3) Barack Obama doesn't learn from his mistakes, the Republicans nominate Mitt Romney in 2012 (I explain why it would be Romney here: http://riskinghemlock.blogspot.com/2010/02/new-thoughts-on-2012-election.html), and Romney defeats Obama.

So will there be an Obama Era? The answer to that question has yet to be written, but Barack Obama is holding the pen.

* - Bill Clinton also lucked out; although his policies were inadequate to the needs of America during its early-1990s recession, the Internet revolution triggered an economic boom that prevented Clinton's dithering from doing any real damage.

2 comments:

Anonymous said...

America is center-right, and it's the founding father's fault. red states have too much representation.

he has to work w/ the DLC and Blue Dogs, otherwise nothing will get done and he'll be another Carter.

Matt Rozsa said...

There are several flaws in your argument:

1) The "red states" weren't economically conservative until the dawn of the Ronald Reagan era.

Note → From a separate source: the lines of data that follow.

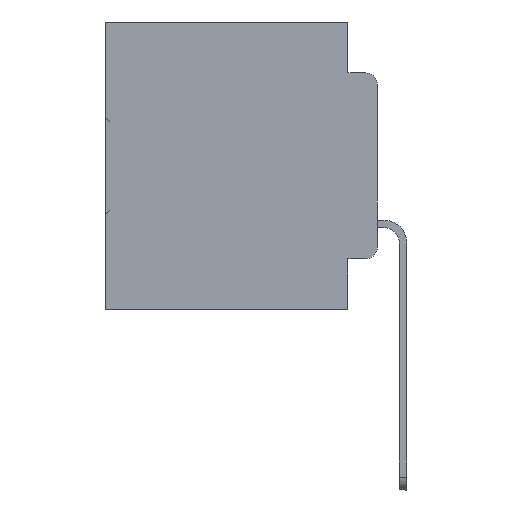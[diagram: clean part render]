
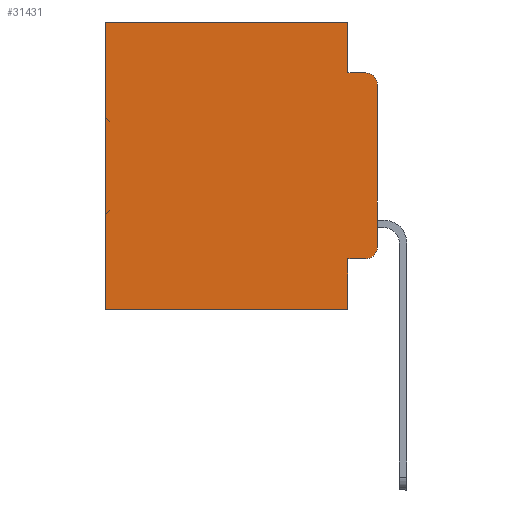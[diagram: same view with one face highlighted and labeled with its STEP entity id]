
A CAD part, left-side view. The second image highlights one B-rep face of the part: STEP entity #31431.
In plain terms, the highlighted planar face has unit normal (-1, 0, 0).
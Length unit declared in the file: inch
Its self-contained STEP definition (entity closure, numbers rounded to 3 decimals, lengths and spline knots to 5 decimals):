
#47 = CARTESIAN_POINT ( 'NONE',  ( 0.298, 0., 0. ) ) ;
#1184 = CARTESIAN_POINT ( 'NONE',  ( 0.298, 0.051, -0.0885 ) ) ;
#1243 = ORIENTED_EDGE ( 'NONE', *, *, #19961, .T. ) ;
#1292 = CARTESIAN_POINT ( 'NONE',  ( 0.298, 0.051, -0.5 ) ) ;
#1339 = LINE ( 'NONE', #30404, #17652 ) ;
#1402 = DIRECTION ( 'NONE',  ( 0., 0., -1. ) ) ;
#1570 = ORIENTED_EDGE ( 'NONE', *, *, #8525, .F. ) ;
#1603 = VERTEX_POINT ( 'NONE', #5491 ) ;
#2078 = EDGE_CURVE ( 'NONE', #29274, #18737, #10763, .T. ) ;
#2566 = DIRECTION ( 'NONE',  ( 0., 0., -1. ) ) ;
#2828 = CARTESIAN_POINT ( 'NONE',  ( 0.298, 0.473, 0. ) ) ;
#3349 = EDGE_CURVE ( 'NONE', #26922, #13881, #18433, .T. ) ;
#3512 = EDGE_CURVE ( 'NONE', #31738, #25198, #20108, .T. ) ;
#3554 = AXIS2_PLACEMENT_3D ( 'NONE', #5263, #28270, #5445 ) ;
#4379 = CIRCLE ( 'NONE', #4975, 0.02 ) ;
#4975 = AXIS2_PLACEMENT_3D ( 'NONE', #18261, #29787, #10703 ) ;
#5263 = CARTESIAN_POINT ( 'NONE',  ( 0.298, 0.02, -0.1085 ) ) ;
#5347 = CARTESIAN_POINT ( 'NONE',  ( 0.298, 0.02, -0.0885 ) ) ;
#5419 = LINE ( 'NONE', #8972, #26732 ) ;
#5445 = DIRECTION ( 'NONE',  ( 0., 0., -1. ) ) ;
#5491 = CARTESIAN_POINT ( 'NONE',  ( 0.298, 0.473, 0. ) ) ;
#8479 = LINE ( 'NONE', #2828, #35750 ) ;
#8525 = EDGE_CURVE ( 'NONE', #25198, #18737, #5419, .T. ) ;
#8972 = CARTESIAN_POINT ( 'NONE',  ( 0.298, 0.051, -0.0885 ) ) ;
#10634 = PLANE ( 'NONE',  #23917 ) ;
#10703 = DIRECTION ( 'NONE',  ( 0., 0., -1. ) ) ;
#10763 = CIRCLE ( 'NONE', #3554, 0.02 ) ;
#11998 = DIRECTION ( 'NONE',  ( 0., -1., 0. ) ) ;
#12275 = VERTEX_POINT ( 'NONE', #31872 ) ;
#12464 = CARTESIAN_POINT ( 'NONE',  ( 0.298, 0.051, -0.4115 ) ) ;
#12843 = DIRECTION ( 'NONE',  ( 0., 0., -1. ) ) ;
#13881 = VERTEX_POINT ( 'NONE', #35721 ) ;
#14380 = LINE ( 'NONE', #47, #15717 ) ;
#15717 = VECTOR ( 'NONE', #31202, 39.37008 ) ;
#16994 = ORIENTED_EDGE ( 'NONE', *, *, #23631, .F. ) ;
#17350 = DIRECTION ( 'NONE',  ( 0., 1., 0. ) ) ;
#17652 = VECTOR ( 'NONE', #12843, 39.37008 ) ;
#18073 = VERTEX_POINT ( 'NONE', #35226 ) ;
#18081 = VECTOR ( 'NONE', #2566, 39.37008 ) ;
#18261 = CARTESIAN_POINT ( 'NONE',  ( 0.298, 0.02, -0.3915 ) ) ;
#18433 = LINE ( 'NONE', #29953, #24725 ) ;
#18737 = VERTEX_POINT ( 'NONE', #5347 ) ;
#18759 = FACE_OUTER_BOUND ( 'NONE', #19173, .T. ) ;
#19173 = EDGE_LOOP ( 'NONE', ( #16994, #21669, #1570, #32829, #1243, #36794, #36586, #33379, #34611, #22805 ) ) ;
#19501 = CARTESIAN_POINT ( 'NONE',  ( 0.298, 0., 0. ) ) ;
#19814 = CARTESIAN_POINT ( 'NONE',  ( 0.298, 0., -0.5 ) ) ;
#19961 = EDGE_CURVE ( 'NONE', #31738, #1603, #14380, .T. ) ;
#19986 = VECTOR ( 'NONE', #21005, 39.37008 ) ;
#20108 = LINE ( 'NONE', #28232, #18081 ) ;
#21005 = DIRECTION ( 'NONE',  ( 0., 0., -1. ) ) ;
#21669 = ORIENTED_EDGE ( 'NONE', *, *, #2078, .T. ) ;
#22093 = DIRECTION ( 'NONE',  ( 0., 0., -1. ) ) ;
#22155 = DIRECTION ( 'NONE',  ( 1., 0., 0. ) ) ;
#22805 = ORIENTED_EDGE ( 'NONE', *, *, #25613, .T. ) ;
#23631 = EDGE_CURVE ( 'NONE', #29274, #12275, #1339, .T. ) ;
#23917 = AXIS2_PLACEMENT_3D ( 'NONE', #19501, #22155, #1402 ) ;
#24031 = VERTEX_POINT ( 'NONE', #1292 ) ;
#24725 = VECTOR ( 'NONE', #30523, 39.37008 ) ;
#25036 = EDGE_CURVE ( 'NONE', #24031, #18073, #34176, .T. ) ;
#25065 = EDGE_CURVE ( 'NONE', #26922, #24031, #25661, .T. ) ;
#25198 = VERTEX_POINT ( 'NONE', #1184 ) ;
#25613 = EDGE_CURVE ( 'NONE', #13881, #12275, #4379, .T. ) ;
#25661 = LINE ( 'NONE', #37188, #19986 ) ;
#26732 = VECTOR ( 'NONE', #11998, 39.37008 ) ;
#26922 = VERTEX_POINT ( 'NONE', #12464 ) ;
#28232 = CARTESIAN_POINT ( 'NONE',  ( 0.298, 0.051, 0. ) ) ;
#28270 = DIRECTION ( 'NONE',  ( -1., 0., 0. ) ) ;
#28335 = EDGE_CURVE ( 'NONE', #1603, #18073, #8479, .T. ) ;
#29274 = VERTEX_POINT ( 'NONE', #31102 ) ;
#29787 = DIRECTION ( 'NONE',  ( -1., 0., 0. ) ) ;
#29953 = CARTESIAN_POINT ( 'NONE',  ( 0.298, 0.051, -0.4115 ) ) ;
#30404 = CARTESIAN_POINT ( 'NONE',  ( 0.298, 0., 0. ) ) ;
#30523 = DIRECTION ( 'NONE',  ( 0., -1., 0. ) ) ;
#31102 = CARTESIAN_POINT ( 'NONE',  ( 0.298, 0., -0.1085 ) ) ;
#31202 = DIRECTION ( 'NONE',  ( 0., 1., 0. ) ) ;
#31431 = ADVANCED_FACE ( 'NONE', ( #18759 ), #10634, .F. ) ;
#31738 = VERTEX_POINT ( 'NONE', #36269 ) ;
#31872 = CARTESIAN_POINT ( 'NONE',  ( 0.298, 0., -0.3915 ) ) ;
#32829 = ORIENTED_EDGE ( 'NONE', *, *, #3512, .F. ) ;
#33379 = ORIENTED_EDGE ( 'NONE', *, *, #25065, .F. ) ;
#34176 = LINE ( 'NONE', #19814, #35054 ) ;
#34611 = ORIENTED_EDGE ( 'NONE', *, *, #3349, .T. ) ;
#35054 = VECTOR ( 'NONE', #17350, 39.37008 ) ;
#35226 = CARTESIAN_POINT ( 'NONE',  ( 0.298, 0.473, -0.5 ) ) ;
#35721 = CARTESIAN_POINT ( 'NONE',  ( 0.298, 0.02, -0.4115 ) ) ;
#35750 = VECTOR ( 'NONE', #22093, 39.37008 ) ;
#36269 = CARTESIAN_POINT ( 'NONE',  ( 0.298, 0.051, 0. ) ) ;
#36586 = ORIENTED_EDGE ( 'NONE', *, *, #25036, .F. ) ;
#36794 = ORIENTED_EDGE ( 'NONE', *, *, #28335, .T. ) ;
#37188 = CARTESIAN_POINT ( 'NONE',  ( 0.298, 0.051, 0. ) ) ;

2) Jimmy Carter didn't fail because he tried to be too liberal; he failed because he was generally inept in handling the major crises confronting Americans in the late 1970s. If you look at those liberal Democrats who DID actively push the centrist and conservative elements in their own party (Woodrow Wilson, Franklin Roosevelt, and Lyndon Johnson), they tended to be far more successful in implementing their will than the ones who tried to appease them (John Kennedy, Bill Clinton).

The problem with the DLC/Blue Dog philosophy is that it's based on a notion of history that fails to take into account, you know, HISTORY.